А ещё через год, уже перед самым моим дипломом, мы с ней всё-таки оказались рядом на чьём-то дне рожденья. Общаговская команда пошумела, погремела, но для танцев места не хватало, и все вдруг разом, прихватив магнитофон и портвейн, куда-то пропали, оставив нас в комнате одних. И тогда она, как когда-то в дни нашей дружбы, начала говорить, словно продолжая только что прерванную тему. Совершенно бесстрастным голосом Елена рассказала, что случилось с нами в то лето. Когда я не приехал ни в первый вечер, ни во второй, она немного обиделась и пошла с девчонками в клуб на танцы. В знак протеста. И получилось так, что привыкшая к своей постоянной защищённости, вернее, — к защищённости нашей с ней любви со стороны всех окружающих, она совершенно безответственно позволила поухаживать за собой, — даже не понимая, как это можно принимать всерьёз, — молодому тонкоусому красавчику с золотой фиксой и короткими ногами. Она даже открыто потешалась над его писклявыми буратинными комплементами, и так же, не думая, — не подозревая! — ничего дурного, позволила ему пойти провожать её ночной окраиной. Ведь она была принцессой, моей принцессой для всех!.. Только когда он, зажав мозолистой ладонью рот, завалил её в кусты, до неё стало доходить, что происходит.
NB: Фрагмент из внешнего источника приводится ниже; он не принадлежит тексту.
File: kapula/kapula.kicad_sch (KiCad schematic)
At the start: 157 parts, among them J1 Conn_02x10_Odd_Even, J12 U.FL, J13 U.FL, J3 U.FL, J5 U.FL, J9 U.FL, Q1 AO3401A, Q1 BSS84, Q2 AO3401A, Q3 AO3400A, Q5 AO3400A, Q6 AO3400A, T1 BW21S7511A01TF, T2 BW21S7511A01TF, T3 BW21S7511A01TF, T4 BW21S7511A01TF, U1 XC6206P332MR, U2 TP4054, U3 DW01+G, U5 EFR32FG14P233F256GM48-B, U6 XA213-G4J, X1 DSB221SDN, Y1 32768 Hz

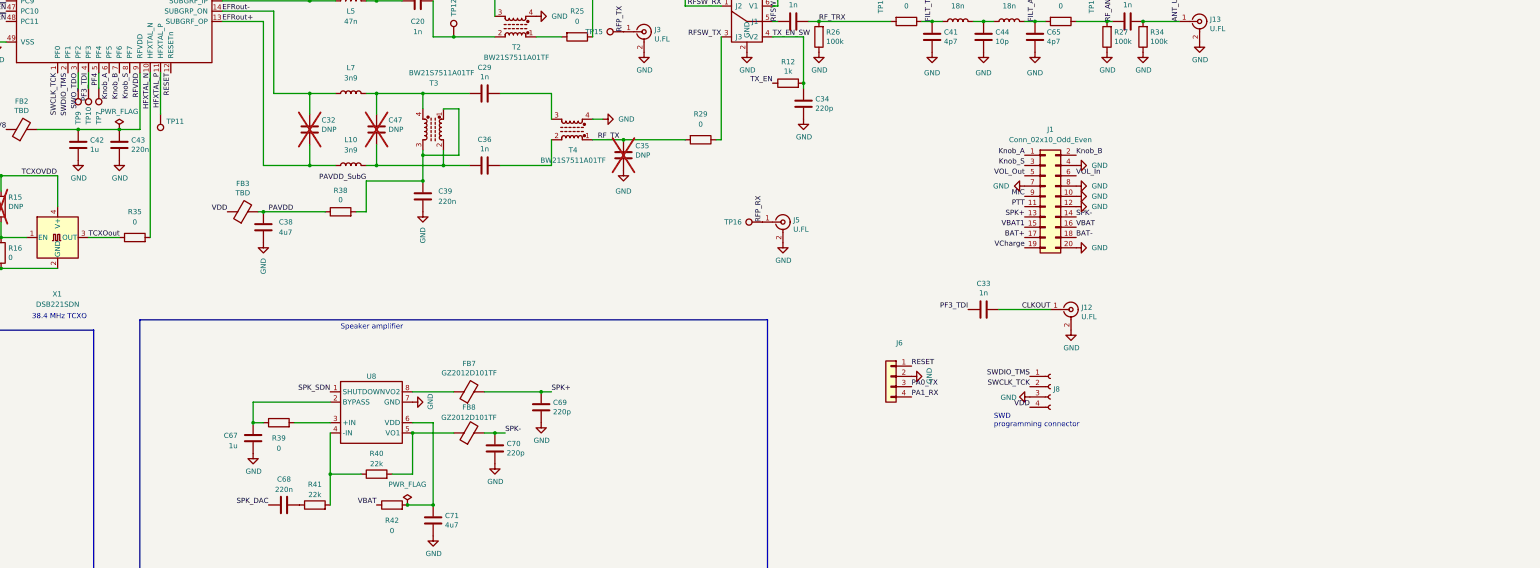
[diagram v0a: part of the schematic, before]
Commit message: Move components to make more space
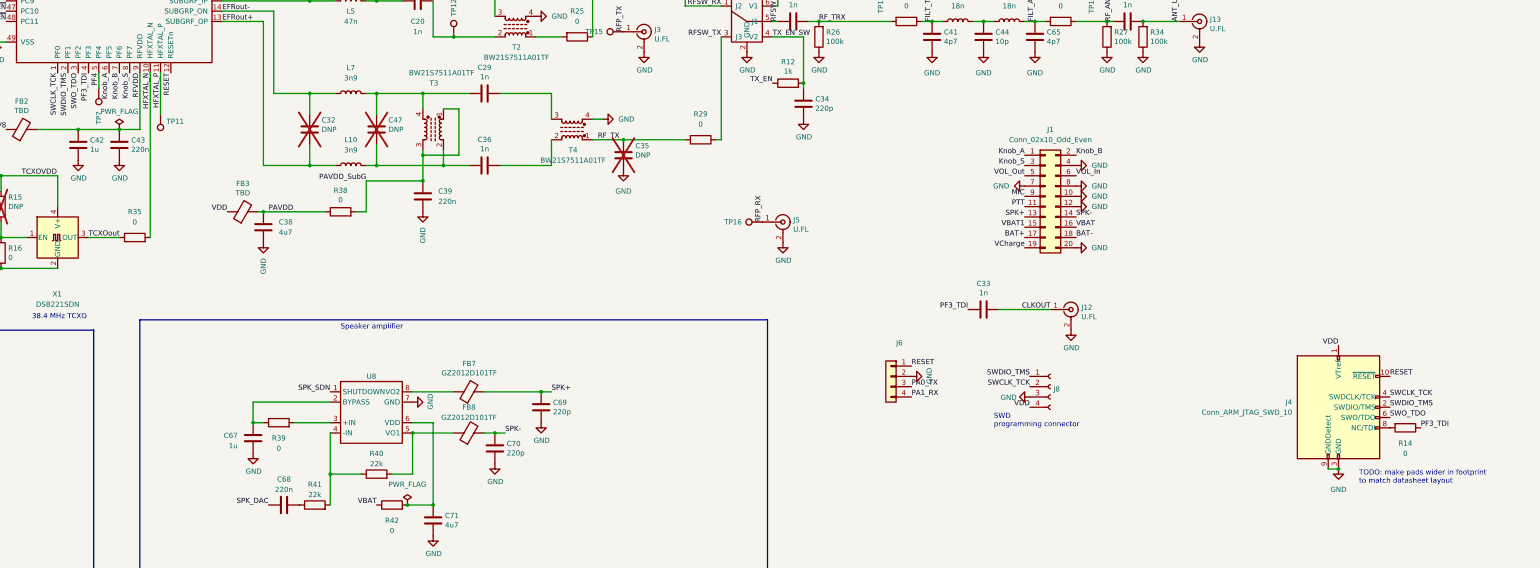
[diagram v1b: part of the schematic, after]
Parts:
- removed TP10, TP9: ~, TestPoint:TestPoint_Pad_D1.0mm, symbol Connector:TestPoint
- added J4: Conn_ARM_JTAG_SWD_10, Connector_PinHeader_1.27mm:PinHeader_2x05_P1.27mm_Vertical_SMD, symbol Connector:Conn_ARM_JTAG_SWD_10
- added R14: 0, kapula:R_0402_to_0603_HandSolder, symbol Device:R
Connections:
- net GND: now also J4.3 (GND), J4.5 (GND), J4.9 (GNDDetect)
- net PF3_TDI: now also R14.1
- net RESET: now also J4.10 (~{RESET})
- net SWCLK_TCK: now also J4.4 (SWDCLK/TCK)
- net SWDIO_TMS: now also J4.2 (SWDIO/TMS)
- net SWO_TDO: now also J4.6 (SWO/TDO)
- net VDD: now also J4.1 (VTref)
- new net: J4.8 (NC/TDI), R14.2
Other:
- note added: "TODO: make pads wider in footprint to match datasheet layout"
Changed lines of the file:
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@@
   (junction (at 201.93 127) (diameter 0) (color 0 0 0 0)
   )
+  (junction (at 439.42 252.73) (diameter 0) (color 0 0 0 0)
+  )
   (junction (at 173.99 82.55) (diameter 0) (color 0 0 0 0)
   )
@@
     (stroke (width 0) (type default))
   )
-  (wire (pts (xy 128.27 154.94) (xy 128.27 158.75))
-    (stroke (width 0) (type default))
-  )
   (wire (pts (xy 340.36 49.53) (xy 340.36 48.26))
     (stroke (width 0) (type default))
@@
     (stroke (width 0) (type default))
   )
+  (wire (pts (xy 436.88 252.73) (xy 439.42 252.73))
+    (stroke (width 0) (type default))
+  )
   (wire (pts (xy 353.06 30.48) (xy 365.76 30.48))
     (stroke (width 0) (type default))
@@
     (stroke (width 0) (type default))
   )
-  (wire (pts (xy 130.81 158.75) (xy 130.81 154.94))
-    (stroke (width 0) (type default))
-  )
   (wire (pts (xy 176.53 85.09) (xy 229.87 85.09))
     (stroke (width 0) (type default))
@@
     (effects (font (size 1.27 1.27)) (justify left bottom))
   )
+  (text "TODO: make pads wider in footprint\nto match datasheet layout"
+    (at 444.5 256.54 0)
+    (effects (font (size 1.27 1.27)) (justify left bottom))
+  )
   (text "38.4 MHz TCXO" (at 116.84 215.9 0)
     (effects (font (size 1.27 1.27)) (justify left bottom))
@@
     (effects (font (size 1.27 1.27)) (justify left bottom))
   )
+  (label "SWO_TDO" (at 452.12 240.03 0) (fields_autoplaced)
+    (effects (font (size 1.27 1.27)) (justify left bottom))
+  )
   (label "D_SCK" (at 110.49 134.62 180) (fields_autoplaced)
     (effects (font (size 1.27 1.27)) (justify right bottom))
@@
     (effects (font (size 1.27 1.27)) (justify left bottom))
   )
+  (label "RESET" (at 452.12 229.87 0) (fields_autoplaced)
+    (effects (font (size 1.27 1.27)) (justify left bottom))
+  )
   (label "PAVDD_2G4" (at 163.83 121.92 0) (fields_autoplaced)
     (effects (font (size 1.27 1.27)) (justify left bottom))
@@
     (effects (font (size 1.27 1.27)) (justify left bottom))
   )
+  (label "VDD" (at 439.42 222.25 180) (fields_autoplaced)
+    (effects (font (size 1.27 1.27)) (justify right bottom))
+  )
   (label "VBAT" (at 185.42 26.67 0) (fields_autoplaced)
     (effects (font (size 1.27 1.27)) (justify left bottom))
@@
     (effects (font (size 1.27 1.27)) (justify right bottom))
   )
+  (label "SWDIO_TMS" (at 452.12 237.49 0) (fields_autoplaced)
+    (effects (font (size 1.27 1.27)) (justify left bottom))
+  )
   (label "RFP_TX" (at 262.89 144.78 90) (fields_autoplaced)
     (effects (font (size 1.27 1.27)) (justify left bottom))
@@
     (effects (font (size 1.27 1.27)) (justify left bottom))
   )
+  (label "PF3_TDI" (at 459.74 242.57 0) (fields_autoplaced)
+    (effects (font (size 1.27 1.27)) (justify left bottom))
+  )
   (label "EFR_DECOUPLE" (at 110.49 124.46 180) (fields_autoplaced)
     (effects (font (size 1.27 1.27)) (justify right bottom))
@@
     (effects (font (size 1.27 1.27)) (justify right bottom))
   )
+  (label "SWCLK_TCK" (at 452.12 234.95 0) (fields_autoplaced)
+    (effects (font (size 1.27 1.27)) (justify left bottom))
+  )
   (label "Knob_A" (at 341.63 48.26 0) (fields_autoplaced)
     (effects (font (size 1.27 1.27)) (justify left bottom))
@@
     )
   )
-  (symbol (lib_id "Connector:TestPoint") (at 130.81 158.75 180) (unit 1)
-    (in_bom yes) (on_board yes) (dnp no)
-    (property "Reference" "TP10" (at 130.81 167.64 90)
-      (effects (font (size 1.27 1.27)) (justify right))
-    )
-    (property "Value" "~" (at 132.2832 161.7218 0)
-      (effects (font (size 1.27 1.27)) (justify right))
-    )
-    (property "Footprint" "TestPoint:TestPoint_Pad_D1.0mm" (at 125.73 158.75 0)
-      (effects (font (size 1.27 1.27)) hide)
-    )
-    (property "Datasheet" "" (at 125.73 158.75 0)
-      (effects (font (size 1.27 1.27)) hide)
-    )
-    (pin "1")
-    (instances
-      (project "kapula"
-        (path "/f2315993-072e-45c9-8c85-e79c6d40aba4"
-          (reference "TP10") (unit 1)
-        )
-      )
-    )
-  )
   (symbol (lib_id "power:GND") (at 78.74 34.29 0) (unit 1)
     (in_bom yes) (on_board yes) (dnp no)
@@
     )
   )
-  (symbol (lib_id "Connector:TestPoint") (at 128.27 158.75 180) (unit 1)
-    (in_bom yes) (on_board yes) (dnp no)
-    (property "Reference" "TP9" (at 128.27 167.64 90)
-      (effects (font (size 1.27 1.27)) (justify right))
-    )
-    (property "Value" "~" (at 129.7432 161.7218 0)
-      (effects (font (size 1.27 1.27)) (justify right))
-    )
-    (property "Footprint" "TestPoint:TestPoint_Pad_D1.0mm" (at 123.19 158.75 0)
-      (effects (font (size 1.27 1.27)) hide)
-    )
-    (property "Datasheet" "" (at 123.19 158.75 0)
-      (effects (font (size 1.27 1.27)) hide)
-    )
-    (pin "1")
-    (instances
-      (project "kapula"
-        (path "/f2315993-072e-45c9-8c85-e79c6d40aba4"
-          (reference "TP9") (unit 1)
-        )
-      )
-    )
-  )
   (symbol (lib_id "power:PWR_FLAG") (at 173.99 82.55 0) (unit 1)
     (in_bom yes) (on_board yes) (dnp no)
@@
     )
   )
+  (symbol (lib_id "Device:R") (at 455.93 242.57 270) (unit 1)
+    (in_bom yes) (on_board yes) (dnp no) (fields_autoplaced)
+    (property "Reference" "R14" (at 455.93 246.38 90)
+      (effects (font (size 1.27 1.27)))
+    )
+    (property "Value" "0" (at 455.93 248.92 90)
+      (effects (font (size 1.27 1.27)))
+    )
+    (property "Footprint" "kapula:R_0402_to_0603_HandSolder" (at 455.93 240.792 90)
+      (effects (font (size 1.27 1.27)) hide)
+    )
+    (property "Datasheet" "" (at 455.93 242.57 0)
+      (effects (font (size 1.27 1.27)) hide)
+    )
+    (property "LCSC" "C17168" (at 455.93 242.57 0)
+      (effects (font (size 1.27 1.27)) hide)
+    )
+    (pin "1")
+    (pin "2")
+    (instances
+      (project "kapula"
+        (path "/f2315993-072e-45c9-8c85-e79c6d40aba4"
+          (reference "R14") (unit 1)
+        )
+      )
+    )
+  )
   (symbol (lib_id "power:GND") (at 210.82 236.22 90) (unit 1)
     (in_bom yes) (on_board yes) (dnp no)
@@
     )
   )
+  (symbol (lib_id "Connector:Conn_ARM_JTAG_SWD_10") (at 439.42 237.49 0) (unit 1)
+    (in_bom yes) (on_board yes) (dnp no) (fields_autoplaced)
+    (property "Reference" "J4" (at 427.99 236.22 0)
+      (effects (font (size 1.27 1.27)) (justify right))
+    )
+    (property "Value" "Conn_ARM_JTAG_SWD_10" (at 427.99 238.76 0)
+      (effects (font (size 1.27 1.27)) (justify right))
+    )
+    (property "Footprint" "Connector_PinHeader_1.27mm:PinHeader_2x05_P1.27mm_Vertical_SMD" (at 439.42 237.49 0)
+      (effects (font (size 1.27 1.27)) hide)
+    )
+    (property "Datasheet" "https://datasheet.lcsc.com/lcsc/2209141730_DEALON-DZ127S-22-10-55_C5160761.pdf" (at 430.53 269.24 90)
+      (effects (font (size 1.27 1.27)) hide)
+    )
+    (property "LCSC" "C5160761" (at 439.42 237.49 0)
+      (effects (font (size 1.27 1.27)) hide)
+    )
+    (pin "1")
+    (pin "10")
+    (pin "2")
+    (pin "3")
+    (pin "4")
+    (pin "5")
+    (pin "6")
+    (pin "7")
+    (pin "8")
+    (pin "9")
+    (instances
+      (project "kapula"
+        (path "/f2315993-072e-45c9-8c85-e79c6d40aba4"
+          (reference "J4") (unit 1)
+        )
+      )
+    )
+  )
   (symbol (lib_id "Device:R") (at 251.46 124.46 270) (unit 1)
     (in_bom yes) (on_board yes) (dnp no) (fields_autoplaced)
@@
         )
       )
+    )
+  )
+  (symbol (lib_id "power:GND") (at 439.42 252.73 0) (unit 1)
+    (in_bom yes) (on_board yes) (dnp no) (fields_autoplaced)
+    (property "Reference" "#PWR042" (at 439.42 259.08 0)
+      (effects (font (size 1.27 1.27)) hide)
+    )
+    (property "Value" "GND" (at 439.42 257.81 0)
+      (effects (font (size 1.27 1.27)))
+    )
+    (property "Footprint" "" (at 439.42 252.73 0)
+      (effects (font (size 1.27 1.27)) hide)
+    )
+    (property "Datasheet" "" (at 439.42 252.73 0)
+      (effects (font (size 1.27 1.27)) hide)
+    )
+    (pin "1")
+    (instances
+      (project "kapula"
+        (path "/f2315993-072e-45c9-8c85-e79c6d40aba4"
+          (reference "#PWR042") (unit 1)
+        )
+      )

Конечно, она царапалась, кусалась, плакала и умоляла пощадить, но разве что могло остановить это животное… А я ведь пил с этим, с расцарапанным лицом! Пил и смеялся…
А затем она просто спасала меня. Она жертвовала собой, честью, именем, чтобы только я не узнал, не догадался, что же с ней произошло. Ведь по мирскому как? — Кровь смывается только кровью. Но что бы смог сделать я, восемнадцатилетний, почти мальчик, с этими… не знаю, как и сказать, но «людьми» всё же не получается… Это они бы меня убили. Елена понимала и спасала меня…
Вот, рассказал тебе, и снова сердце защемило. Господи Иисусе Христе, Сыне Божий, помилуй мя, грешного. Помилуй, Господи, и отпусти всё, чем виновен пред Тобою. Да, сам теперь видишь, — никакие мы, монахи, не ангелы и не мертвецы. Люди мы, грешные люди. Раз до сих пор волнуюсь, а ведь сколько лет прошло. Лучше бы не вспоминал, Господи помилуй… И ещё, знаешь, я только совершенно недавно услыхал от одного побывавшего у меня музыковеда, — что Пётр Ильич написал своё «Лебединое озеро» именно как трагедию. У него в финале принц умирает, только ценой своей смерти выкупая Одетту от злых чар Ротбарта. Умирает, это действительно совершенно ясно звучит в музыке. Но с пятидесятых годов в СССР зародилась теория бесконфликтного искусства. И финал спектакля изменился в угоду этой теории: «Озеро» до сих пор повсюду идёт со счастливым оптимистичным концом в духе беспроблемного соцреализма.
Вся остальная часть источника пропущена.